Cantabromeris

Scientific classification
- Kingdom: Animalia
- Phylum: Arthropoda
- Subphylum: Myriapoda
- Class: Diplopoda
- Order: Glomerida
- Family: Glomeridae
- Subfamily: Glomerinae
- Tribe: Onychoglomerini
- Genus: Cantabromeris Mauriès, 2006

= Cantabromeris =

Genus of millipedes

Cantabromeris is a genus of pill millipede found on the Iberian Peninsula. Though originally identified as part of the genus Protoglomeris, Cantabromeris was revised as a new genus due to key morphological differences, such as the vestigial character of the penultimate tergite.

The genus Cantabromeris currently contains only one known species, Cantabromeris cantabrica.

== Description ==
Millipedes of the type species Cantabromeris cantabrica are approximately 7.5mm in length, with a width of approximately 4.2mm at the fifth body ring, 13 of which are visible. The 12th ring is fused to the last.
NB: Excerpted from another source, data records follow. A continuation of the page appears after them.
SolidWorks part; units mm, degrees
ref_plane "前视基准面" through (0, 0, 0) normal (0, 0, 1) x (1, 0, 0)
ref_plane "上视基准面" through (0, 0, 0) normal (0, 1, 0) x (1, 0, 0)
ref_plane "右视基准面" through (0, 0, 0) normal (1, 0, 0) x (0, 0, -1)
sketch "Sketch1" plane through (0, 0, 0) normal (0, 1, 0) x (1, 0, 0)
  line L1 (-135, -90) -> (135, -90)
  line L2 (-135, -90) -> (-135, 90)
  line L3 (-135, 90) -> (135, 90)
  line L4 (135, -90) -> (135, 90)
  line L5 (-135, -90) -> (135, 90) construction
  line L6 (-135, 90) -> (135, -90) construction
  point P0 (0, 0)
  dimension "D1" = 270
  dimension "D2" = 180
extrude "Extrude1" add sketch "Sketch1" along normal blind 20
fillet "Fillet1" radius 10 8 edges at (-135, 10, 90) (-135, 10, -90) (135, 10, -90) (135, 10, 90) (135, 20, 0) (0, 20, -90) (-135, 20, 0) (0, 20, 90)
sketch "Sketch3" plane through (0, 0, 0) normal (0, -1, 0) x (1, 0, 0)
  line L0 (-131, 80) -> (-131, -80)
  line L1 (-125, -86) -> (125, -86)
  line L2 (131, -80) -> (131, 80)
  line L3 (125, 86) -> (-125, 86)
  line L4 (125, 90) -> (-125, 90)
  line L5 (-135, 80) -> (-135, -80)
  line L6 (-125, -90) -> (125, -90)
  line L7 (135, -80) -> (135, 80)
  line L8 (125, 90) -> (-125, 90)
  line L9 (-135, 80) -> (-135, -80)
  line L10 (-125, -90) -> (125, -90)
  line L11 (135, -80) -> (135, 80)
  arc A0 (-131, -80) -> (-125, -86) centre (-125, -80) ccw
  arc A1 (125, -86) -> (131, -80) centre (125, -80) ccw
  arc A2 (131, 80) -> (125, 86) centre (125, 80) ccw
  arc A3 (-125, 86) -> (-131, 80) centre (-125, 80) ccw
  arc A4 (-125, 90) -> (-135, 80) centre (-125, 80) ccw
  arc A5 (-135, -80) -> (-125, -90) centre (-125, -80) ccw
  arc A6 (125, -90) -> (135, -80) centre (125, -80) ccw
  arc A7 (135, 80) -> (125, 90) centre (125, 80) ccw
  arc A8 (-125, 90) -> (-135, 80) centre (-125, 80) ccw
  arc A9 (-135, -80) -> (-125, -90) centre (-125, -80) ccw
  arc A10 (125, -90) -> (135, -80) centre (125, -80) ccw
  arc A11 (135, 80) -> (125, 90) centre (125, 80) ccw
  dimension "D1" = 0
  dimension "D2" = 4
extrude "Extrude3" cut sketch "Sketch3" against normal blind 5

The body of this species is uniform black in coloration, except for the rear edge on each tergite and a wide orange-yellow band just before the second tergite. The 4th to 11th tergites also have white spots on the anterior edge, which are only visible when the millipede assumes a curled up defensive posture.

Like other members of the Glomeridae family, the sides of the face are slightly flattened to accommodate the antennae. The Tömösváry organ is 1.2 times longer than wide. It has rows of six aligned ocelli.